Write the equation of the line that passes through (3,2) and is parallel to 3x-2y=1
To find the equation of a line parallel to 3x-2y=1, we need to use the same slope as the given line.
First, we need to convert the given equation into slope-intercept form (y = mx + b), where m is the slope and b is the y-intercept.
Starting with the given equation:
3x - 2y = 1
We need to isolate y on one side of the equation, so let's subtract 3x from both sides:
-2y = -3x + 1
To isolate y, divide both sides of the equation by -2:
y = (3/2)x - 1/2
Now we can see that the slope of the given line is 3/2.

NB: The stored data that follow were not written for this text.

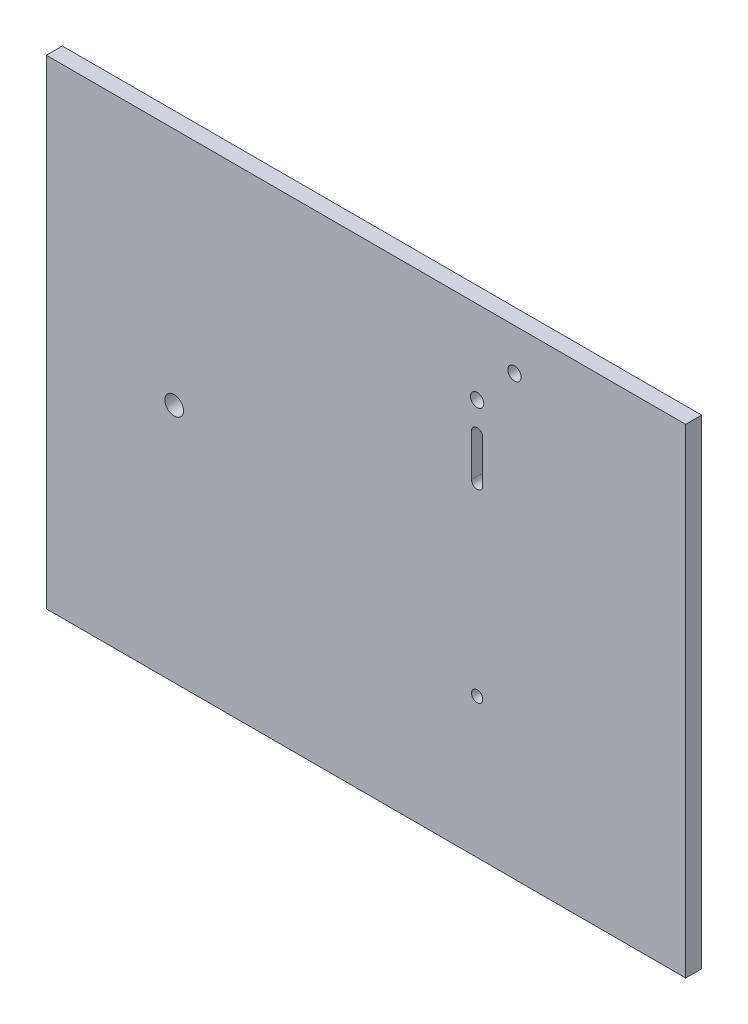
ISO-10303-21;
HEADER;
FILE_DESCRIPTION(('STEP AP214'),'2;1');
FILE_NAME('part.step','',(''),(''),'','','');
FILE_SCHEMA(('AUTOMOTIVE_DESIGN { 1 0 10303 214 1 1 1 1 }'));
ENDSEC;
DATA;
#1=APPLICATION_CONTEXT('core data for automotive mechanical design processes');
#2=APPLICATION_PROTOCOL_DEFINITION('international standard','automotive_design',2000,#1);
#3=PRODUCT_CONTEXT('',#1,'mechanical');
#4=PRODUCT('Part','Part','',(#3));
#5=PRODUCT_RELATED_PRODUCT_CATEGORY('part','',(#4));
#6=PRODUCT_DEFINITION_FORMATION('','',#4);
#7=PRODUCT_DEFINITION_CONTEXT('part definition',#1,'design');
#8=PRODUCT_DEFINITION('design','',#6,#7);
#9=PRODUCT_DEFINITION_SHAPE('','',#8);
#10=(LENGTH_UNIT() NAMED_UNIT(*) SI_UNIT(.MILLI.,.METRE.));
#11=(NAMED_UNIT(*) PLANE_ANGLE_UNIT() SI_UNIT($,.RADIAN.));
#12=(NAMED_UNIT(*) SI_UNIT($,.STERADIAN.) SOLID_ANGLE_UNIT());
#13=UNCERTAINTY_MEASURE_WITH_UNIT(LENGTH_MEASURE(1.E-05),#10,'distance_accuracy_value','');
#14=(GEOMETRIC_REPRESENTATION_CONTEXT(3) GLOBAL_UNCERTAINTY_ASSIGNED_CONTEXT((#13)) GLOBAL_UNIT_ASSIGNED_CONTEXT((#10,
#11,#12)) REPRESENTATION_CONTEXT('',''));
#15=CARTESIAN_POINT('',(0.,0.,0.));
#16=DIRECTION('',(0.,0.,1.));
#17=DIRECTION('',(1.,0.,0.));
#18=AXIS2_PLACEMENT_3D('',#15,#16,#17);
#19=CARTESIAN_POINT('',(120.,0.,3.));
#20=DIRECTION('',(1.,0.,0.));
#21=DIRECTION('',(0.,1.,0.));
#22=AXIS2_PLACEMENT_3D('',#19,#20,#21);
#23=PLANE('',#22);
#24=DIRECTION('',(0.,-1.,0.));
#25=VECTOR('',#24,1.);
#26=CARTESIAN_POINT('',(120.,0.,0.));
#27=LINE('',#26,#25);
#28=CARTESIAN_POINT('',(120.,0.,0.));
#29=VERTEX_POINT('',#28);
#30=CARTESIAN_POINT('',(120.,-90.,0.));
#31=VERTEX_POINT('',#30);
#32=EDGE_CURVE('E148',#29,#31,#27,.T.);
#33=ORIENTED_EDGE('',*,*,#32,.F.);
#34=DIRECTION('',(0.,0.,-1.));
#35=VECTOR('',#34,1.);
#36=CARTESIAN_POINT('',(120.,0.,3.));
#37=LINE('',#36,#35);
#38=CARTESIAN_POINT('',(120.,0.,3.));
#39=VERTEX_POINT('',#38);
#40=EDGE_CURVE('E11',#39,#29,#37,.T.);
#41=ORIENTED_EDGE('',*,*,#40,.F.);
#42=DIRECTION('',(0.,-1.,0.));
#43=VECTOR('',#42,1.);
#44=CARTESIAN_POINT('',(120.,0.,3.));
#45=LINE('',#44,#43);
#46=CARTESIAN_POINT('',(120.,-90.,3.));
#47=VERTEX_POINT('',#46);
#48=EDGE_CURVE('E136',#39,#47,#45,.T.);
#49=ORIENTED_EDGE('',*,*,#48,.T.);
#50=DIRECTION('',(0.,0.,-1.));
#51=VECTOR('',#50,1.);
#52=CARTESIAN_POINT('',(120.,-90.,3.));
#53=LINE('',#52,#51);
#54=EDGE_CURVE('E147',#47,#31,#53,.T.);
#55=ORIENTED_EDGE('',*,*,#54,.T.);
#56=EDGE_LOOP('',(#33,#41,#49,#55));
#57=FACE_BOUND('',#56,.T.);
#58=ADVANCED_FACE('F41',(#57),#23,.T.);
#59=CARTESIAN_POINT('',(0.,0.,3.));
#60=DIRECTION('',(0.,1.,0.));
#61=DIRECTION('',(-1.,0.,0.));
#62=AXIS2_PLACEMENT_3D('',#59,#60,#61);
#63=PLANE('',#62);
#64=DIRECTION('',(1.,0.,0.));
#65=VECTOR('',#64,1.);
#66=CARTESIAN_POINT('',(0.,0.,0.));
#67=LINE('',#66,#65);
#68=CARTESIAN_POINT('',(0.,0.,0.));
#69=VERTEX_POINT('',#68);
#70=EDGE_CURVE('E151',#69,#29,#67,.T.);
#71=ORIENTED_EDGE('',*,*,#70,.F.);
#72=DIRECTION('',(0.,0.,-1.));
#73=VECTOR('',#72,1.);
#74=CARTESIAN_POINT('',(0.,0.,3.));
#75=LINE('',#74,#73);
#76=CARTESIAN_POINT('',(0.,0.,3.));
#77=VERTEX_POINT('',#76);
#78=EDGE_CURVE('E48',#77,#69,#75,.T.);
#79=ORIENTED_EDGE('',*,*,#78,.F.);
#80=DIRECTION('',(1.,0.,0.));
#81=VECTOR('',#80,1.);
#82=CARTESIAN_POINT('',(0.,0.,3.));
#83=LINE('',#82,#81);
#84=EDGE_CURVE('E139',#77,#39,#83,.T.);
#85=ORIENTED_EDGE('',*,*,#84,.T.);
#86=ORIENTED_EDGE('',*,*,#40,.T.);
#87=EDGE_LOOP('',(#71,#79,#85,#86));
#88=FACE_BOUND('',#87,.T.);
#89=ADVANCED_FACE('F173',(#88),#63,.T.);
#90=CARTESIAN_POINT('',(0.,0.,3.));
#91=DIRECTION('',(1.,0.,0.));
#92=DIRECTION('',(0.,1.,0.));
#93=AXIS2_PLACEMENT_3D('',#90,#91,#92);
#94=PLANE('',#93);
#95=DIRECTION('',(0.,-1.,0.));
#96=VECTOR('',#95,1.);
#97=CARTESIAN_POINT('',(0.,0.,0.));
#98=LINE('',#97,#96);
#99=CARTESIAN_POINT('',(0.,-90.,0.));
#100=VERTEX_POINT('',#99);
#101=EDGE_CURVE('E155',#69,#100,#98,.T.);
#102=ORIENTED_EDGE('',*,*,#101,.T.);
#103=DIRECTION('',(0.,0.,-1.));
#104=VECTOR('',#103,1.);
#105=CARTESIAN_POINT('',(0.,-90.,3.));
#106=LINE('',#105,#104);
#107=CARTESIAN_POINT('',(0.,-90.,3.));
#108=VERTEX_POINT('',#107);
#109=EDGE_CURVE('E160',#108,#100,#106,.T.);
#110=ORIENTED_EDGE('',*,*,#109,.F.);
#111=DIRECTION('',(0.,-1.,0.));
#112=VECTOR('',#111,1.);
#113=CARTESIAN_POINT('',(0.,0.,3.));
#114=LINE('',#113,#112);
#115=EDGE_CURVE('E143',#77,#108,#114,.T.);
#116=ORIENTED_EDGE('',*,*,#115,.F.);
#117=ORIENTED_EDGE('',*,*,#78,.T.);
#118=EDGE_LOOP('',(#102,#110,#116,#117));
#119=FACE_BOUND('',#118,.T.);
#120=ADVANCED_FACE('F165',(#119),#94,.F.);
#121=CARTESIAN_POINT('',(0.,-90.,3.));
#122=DIRECTION('',(0.,1.,0.));
#123=DIRECTION('',(-1.,0.,0.));
#124=AXIS2_PLACEMENT_3D('',#121,#122,#123);
#125=PLANE('',#124);
#126=DIRECTION('',(1.,0.,0.));
#127=VECTOR('',#126,1.);
#128=CARTESIAN_POINT('',(0.,-90.,0.));
#129=LINE('',#128,#127);
#130=EDGE_CURVE('E140',#100,#31,#129,.T.);
#131=ORIENTED_EDGE('',*,*,#130,.T.);
#132=ORIENTED_EDGE('',*,*,#54,.F.);
#133=DIRECTION('',(1.,0.,0.));
#134=VECTOR('',#133,1.);
#135=CARTESIAN_POINT('',(0.,-90.,3.));
#136=LINE('',#135,#134);
#137=EDGE_CURVE('E145',#108,#47,#136,.T.);
#138=ORIENTED_EDGE('',*,*,#137,.F.);
#139=ORIENTED_EDGE('',*,*,#109,.T.);
#140=EDGE_LOOP('',(#131,#132,#138,#139));
#141=FACE_BOUND('',#140,.T.);
#142=ADVANCED_FACE('F180',(#141),#125,.F.);
#143=CARTESIAN_POINT('',(0.,0.,3.));
#144=DIRECTION('',(0.,0.,1.));
#145=DIRECTION('',(1.,0.,0.));
#146=AXIS2_PLACEMENT_3D('',#143,#144,#145);
#147=PLANE('',#146);
#148=CARTESIAN_POINT('',(80.8563661477538,-15.5995627098244,3.));
#149=DIRECTION('',(0.,0.,1.));
#150=DIRECTION('',(1.,0.,0.));
#151=AXIS2_PLACEMENT_3D('',#148,#149,#150);
#152=CIRCLE('',#151,1.25);
#153=CARTESIAN_POINT('',(82.1063661477538,-15.5995627098244,3.));
#154=VERTEX_POINT('',#153);
#155=EDGE_CURVE('E301',#154,#154,#152,.T.);
#156=ORIENTED_EDGE('',*,*,#155,.F.);
#157=EDGE_LOOP('',(#156));
#158=FACE_BOUND('',#157,.T.);
#159=CARTESIAN_POINT('',(87.8703613312857,-7.78586502144467,3.));
#160=DIRECTION('',(0.,0.,1.));
#161=DIRECTION('',(1.,0.,0.));
#162=AXIS2_PLACEMENT_3D('',#159,#160,#161);
#163=CIRCLE('',#162,1.25);
#164=CARTESIAN_POINT('',(89.1203613312857,-7.78586502144467,3.));
#165=VERTEX_POINT('',#164);
#166=EDGE_CURVE('E306',#165,#165,#163,.T.);
#167=ORIENTED_EDGE('',*,*,#166,.F.);
#168=EDGE_LOOP('',(#167));
#169=FACE_BOUND('',#168,.T.);
#170=CARTESIAN_POINT('',(24.,-44.9,3.));
#171=DIRECTION('',(0.,0.,1.));
#172=DIRECTION('',(1.,0.,0.));
#173=AXIS2_PLACEMENT_3D('',#170,#171,#172);
#174=CIRCLE('',#173,1.75);
#175=CARTESIAN_POINT('',(25.75,-44.9,3.));
#176=VERTEX_POINT('',#175);
#177=EDGE_CURVE('E311',#176,#176,#174,.T.);
#178=ORIENTED_EDGE('',*,*,#177,.F.);
#179=EDGE_LOOP('',(#178));
#180=FACE_BOUND('',#179,.T.);
#181=CARTESIAN_POINT('',(80.8563661477536,-63.7626274991597,3.));
#182=DIRECTION('',(0.,0.,1.));
#183=DIRECTION('',(1.,0.,0.));
#184=AXIS2_PLACEMENT_3D('',#181,#182,#183);
#185=CIRCLE('',#184,1.05000000000103);
#186=CARTESIAN_POINT('',(81.9063661477546,-63.7626274991597,3.));
#187=VERTEX_POINT('',#186);
#188=EDGE_CURVE('E134',#187,#187,#185,.T.);
#189=ORIENTED_EDGE('',*,*,#188,.F.);
#190=EDGE_LOOP('',(#189));
#191=FACE_BOUND('',#190,.T.);
#192=CARTESIAN_POINT('',(80.8563661477538,-29.0907468849563,3.));
#193=DIRECTION('',(0.,0.,1.));
#194=DIRECTION('',(1.,0.,0.));
#195=AXIS2_PLACEMENT_3D('',#192,#193,#194);
#196=CIRCLE('',#195,1.05);
#197=CARTESIAN_POINT('',(79.8063661477538,-29.0907468849563,3.));
#198=VERTEX_POINT('',#197);
#199=CARTESIAN_POINT('',(81.9063661477538,-29.0907468849563,3.));
#200=VERTEX_POINT('',#199);
#201=EDGE_CURVE('E55',#198,#200,#196,.T.);
#202=ORIENTED_EDGE('',*,*,#201,.F.);
#203=DIRECTION('',(0.,-1.,0.));
#204=VECTOR('',#203,1.);
#205=CARTESIAN_POINT('',(79.8063661477538,-29.0907468849563,3.));
#206=LINE('',#205,#204);
#207=CARTESIAN_POINT('',(79.8063661477538,-21.1495627098244,3.));
#208=VERTEX_POINT('',#207);
#209=EDGE_CURVE('E123',#208,#198,#206,.T.);
#210=ORIENTED_EDGE('',*,*,#209,.F.);
#211=CARTESIAN_POINT('',(80.8563661477538,-21.1495627098244,3.));
#212=DIRECTION('',(0.,0.,1.));
#213=DIRECTION('',(1.,0.,0.));
#214=AXIS2_PLACEMENT_3D('',#211,#212,#213);
#215=CIRCLE('',#214,1.05);
#216=CARTESIAN_POINT('',(81.9063661477538,-21.1495627098244,3.));
#217=VERTEX_POINT('',#216);
#218=EDGE_CURVE('E107',#217,#208,#215,.T.);
#219=ORIENTED_EDGE('',*,*,#218,.F.);
#220=DIRECTION('',(0.,1.,0.));
#221=VECTOR('',#220,1.);
#222=CARTESIAN_POINT('',(81.9063661477538,-29.0907468849563,3.));
#223=LINE('',#222,#221);
#224=EDGE_CURVE('E116',#200,#217,#223,.T.);
#225=ORIENTED_EDGE('',*,*,#224,.F.);
#226=EDGE_LOOP('',(#202,#210,#219,#225));
#227=FACE_BOUND('',#226,.T.);
#228=ORIENTED_EDGE('',*,*,#48,.F.);
#229=ORIENTED_EDGE('',*,*,#84,.F.);
#230=ORIENTED_EDGE('',*,*,#115,.T.);
#231=ORIENTED_EDGE('',*,*,#137,.T.);
#232=EDGE_LOOP('',(#228,#229,#230,#231));
#233=FACE_BOUND('',#232,.T.);
#234=ADVANCED_FACE('F120',(#158,#169,#180,#191,#227,#233),#147,.T.);
#235=CARTESIAN_POINT('',(0.,0.,0.));
#236=DIRECTION('',(0.,0.,1.));
#237=DIRECTION('',(1.,0.,0.));
#238=AXIS2_PLACEMENT_3D('',#235,#236,#237);
#239=PLANE('',#238);
#240=CARTESIAN_POINT('',(80.8563661477538,-15.5995627098244,0.));
#241=DIRECTION('',(0.,0.,1.));
#242=DIRECTION('',(1.,0.,0.));
#243=AXIS2_PLACEMENT_3D('',#240,#241,#242);
#244=CIRCLE('',#243,1.25);
#245=CARTESIAN_POINT('',(82.1063661477538,-15.5995627098244,0.));
#246=VERTEX_POINT('',#245);
#247=EDGE_CURVE('E299',#246,#246,#244,.F.);
#248=ORIENTED_EDGE('',*,*,#247,.F.);
#249=EDGE_LOOP('',(#248));
#250=FACE_BOUND('',#249,.T.);
#251=CARTESIAN_POINT('',(87.8703613312857,-7.78586502144467,0.));
#252=DIRECTION('',(0.,0.,1.));
#253=DIRECTION('',(1.,0.,0.));
#254=AXIS2_PLACEMENT_3D('',#251,#252,#253);
#255=CIRCLE('',#254,1.25);
#256=CARTESIAN_POINT('',(89.1203613312857,-7.78586502144467,0.));
#257=VERTEX_POINT('',#256);
#258=EDGE_CURVE('E302',#257,#257,#255,.F.);
#259=ORIENTED_EDGE('',*,*,#258,.F.);
#260=EDGE_LOOP('',(#259));
#261=FACE_BOUND('',#260,.T.);
#262=CARTESIAN_POINT('',(24.,-44.9,0.));
#263=DIRECTION('',(0.,0.,1.));
#264=DIRECTION('',(1.,0.,0.));
#265=AXIS2_PLACEMENT_3D('',#262,#263,#264);
#266=CIRCLE('',#265,1.75);
#267=CARTESIAN_POINT('',(25.75,-44.9,0.));
#268=VERTEX_POINT('',#267);
#269=EDGE_CURVE('E152',#268,#268,#266,.F.);
#270=ORIENTED_EDGE('',*,*,#269,.F.);
#271=EDGE_LOOP('',(#270));
#272=FACE_BOUND('',#271,.T.);
#273=CARTESIAN_POINT('',(80.8563661477536,-63.7626274991597,0.));
#274=DIRECTION('',(0.,0.,1.));
#275=DIRECTION('',(1.,0.,0.));
#276=AXIS2_PLACEMENT_3D('',#273,#274,#275);
#277=CIRCLE('',#276,1.05000000000103);
#278=CARTESIAN_POINT('',(81.9063661477546,-63.7626274991597,0.));
#279=VERTEX_POINT('',#278);
#280=EDGE_CURVE('E314',#279,#279,#277,.F.);
#281=ORIENTED_EDGE('',*,*,#280,.F.);
#282=EDGE_LOOP('',(#281));
#283=FACE_BOUND('',#282,.T.);
#284=DIRECTION('',(0.,1.,0.));
#285=VECTOR('',#284,1.);
#286=CARTESIAN_POINT('',(79.8063661477538,-29.0907468849563,0.));
#287=LINE('',#286,#285);
#288=CARTESIAN_POINT('',(79.8063661477538,-29.0907468849563,0.));
#289=VERTEX_POINT('',#288);
#290=CARTESIAN_POINT('',(79.8063661477538,-21.1495627098244,0.));
#291=VERTEX_POINT('',#290);
#292=EDGE_CURVE('E322',#289,#291,#287,.T.);
#293=ORIENTED_EDGE('',*,*,#292,.F.);
#294=CARTESIAN_POINT('',(80.8563661477538,-29.0907468849563,0.));
#295=DIRECTION('',(0.,0.,1.));
#296=DIRECTION('',(1.,0.,0.));
#297=AXIS2_PLACEMENT_3D('',#294,#295,#296);
#298=CIRCLE('',#297,1.05);
#299=CARTESIAN_POINT('',(81.9063661477538,-29.0907468849563,0.));
#300=VERTEX_POINT('',#299);
#301=EDGE_CURVE('E135',#300,#289,#298,.F.);
#302=ORIENTED_EDGE('',*,*,#301,.F.);
#303=DIRECTION('',(0.,-1.,0.));
#304=VECTOR('',#303,1.);
#305=CARTESIAN_POINT('',(81.9063661477538,-29.0907468849563,0.));
#306=LINE('',#305,#304);
#307=CARTESIAN_POINT('',(81.9063661477538,-21.1495627098244,0.));
#308=VERTEX_POINT('',#307);
#309=EDGE_CURVE('E132',#308,#300,#306,.T.);
#310=ORIENTED_EDGE('',*,*,#309,.F.);
#311=CARTESIAN_POINT('',(80.8563661477538,-21.1495627098244,0.));
#312=DIRECTION('',(0.,0.,1.));
#313=DIRECTION('',(1.,0.,0.));
#314=AXIS2_PLACEMENT_3D('',#311,#312,#313);
#315=CIRCLE('',#314,1.05);
#316=EDGE_CURVE('E110',#291,#308,#315,.F.);
#317=ORIENTED_EDGE('',*,*,#316,.F.);
#318=EDGE_LOOP('',(#293,#302,#310,#317));
#319=FACE_BOUND('',#318,.T.);
#320=ORIENTED_EDGE('',*,*,#32,.T.);
#321=ORIENTED_EDGE('',*,*,#130,.F.);
#322=ORIENTED_EDGE('',*,*,#101,.F.);
#323=ORIENTED_EDGE('',*,*,#70,.T.);
#324=EDGE_LOOP('',(#320,#321,#322,#323));
#325=FACE_BOUND('',#324,.T.);
#326=ADVANCED_FACE('F172',(#250,#261,#272,#283,#319,#325),#239,.F.);
#327=CARTESIAN_POINT('',(80.8563661477538,-29.0907468849563,-10.2584296867951));
#328=DIRECTION('',(0.,0.,1.));
#329=DIRECTION('',(1.,0.,0.));
#330=AXIS2_PLACEMENT_3D('',#327,#328,#329);
#331=CYLINDRICAL_SURFACE('',#330,1.05);
#332=ORIENTED_EDGE('',*,*,#301,.T.);
#333=DIRECTION('',(0.,0.,1.));
#334=VECTOR('',#333,1.);
#335=CARTESIAN_POINT('',(79.8063661477538,-29.0907468849563,-10.2584296867951));
#336=LINE('',#335,#334);
#337=EDGE_CURVE('E128',#289,#198,#336,.T.);
#338=ORIENTED_EDGE('',*,*,#337,.T.);
#339=ORIENTED_EDGE('',*,*,#201,.T.);
#340=DIRECTION('',(0.,0.,1.));
#341=VECTOR('',#340,1.);
#342=CARTESIAN_POINT('',(81.9063661477538,-29.0907468849563,-10.2584296867951));
#343=LINE('',#342,#341);
#344=EDGE_CURVE('E113',#300,#200,#343,.T.);
#345=ORIENTED_EDGE('',*,*,#344,.F.);
#346=EDGE_LOOP('',(#332,#338,#339,#345));
#347=FACE_BOUND('',#346,.T.);
#348=ADVANCED_FACE('F188',(#347),#331,.F.);
#349=CARTESIAN_POINT('',(79.8063661477538,-29.0907468849563,-10.2584296867951));
#350=DIRECTION('',(-1.,0.,0.));
#351=DIRECTION('',(0.,0.,1.));
#352=AXIS2_PLACEMENT_3D('',#349,#350,#351);
#353=PLANE('',#352);
#354=ORIENTED_EDGE('',*,*,#292,.T.);
#355=DIRECTION('',(0.,0.,1.));
#356=VECTOR('',#355,1.);
#357=CARTESIAN_POINT('',(79.8063661477538,-21.1495627098244,-10.2584296867951));
#358=LINE('',#357,#356);
#359=EDGE_CURVE('E112',#291,#208,#358,.T.);
#360=ORIENTED_EDGE('',*,*,#359,.T.);
#361=ORIENTED_EDGE('',*,*,#209,.T.);
#362=ORIENTED_EDGE('',*,*,#337,.F.);
#363=EDGE_LOOP('',(#354,#360,#361,#362));
#364=FACE_BOUND('',#363,.T.);
#365=ADVANCED_FACE('F219',(#364),#353,.F.);
#366=CARTESIAN_POINT('',(80.8563661477538,-21.1495627098244,-10.2584296867951));
#367=DIRECTION('',(0.,0.,1.));
#368=DIRECTION('',(1.,0.,0.));
#369=AXIS2_PLACEMENT_3D('',#366,#367,#368);
#370=CYLINDRICAL_SURFACE('',#369,1.05);
#371=ORIENTED_EDGE('',*,*,#316,.T.);
#372=DIRECTION('',(0.,0.,1.));
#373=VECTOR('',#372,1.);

Since the line we want to find is parallel to this given line and passes through the point (3,2), we can use the point-slope form of a line, which is:
y - y1 = m(x - x1), where (x1, y1) is a point on the line and m is the slope.
In this case, (x1, y1) = (3,2) and m = 3/2.
Plugging in these values, we get:
y - 2 = (3/2)(x - 3)
Distributing the (3/2) on the right side:
y - 2 = (3/2)x - (3/2)(3)
Simplifying the right side:
y - 2 = (3/2)x - (9/2)
Adding 2 to both sides to isolate y:
y = (3/2)x - (9/2) + 2
Combining like terms on the right side:
y = (3/2)x - (9/2) + 4/2
Simplifying the right side:
y = (3/2)x - 5/2
So, the equation of the line that passes through (3,2) and is parallel to 3x - 2y = 1 is y = (3/2)x - 5/2.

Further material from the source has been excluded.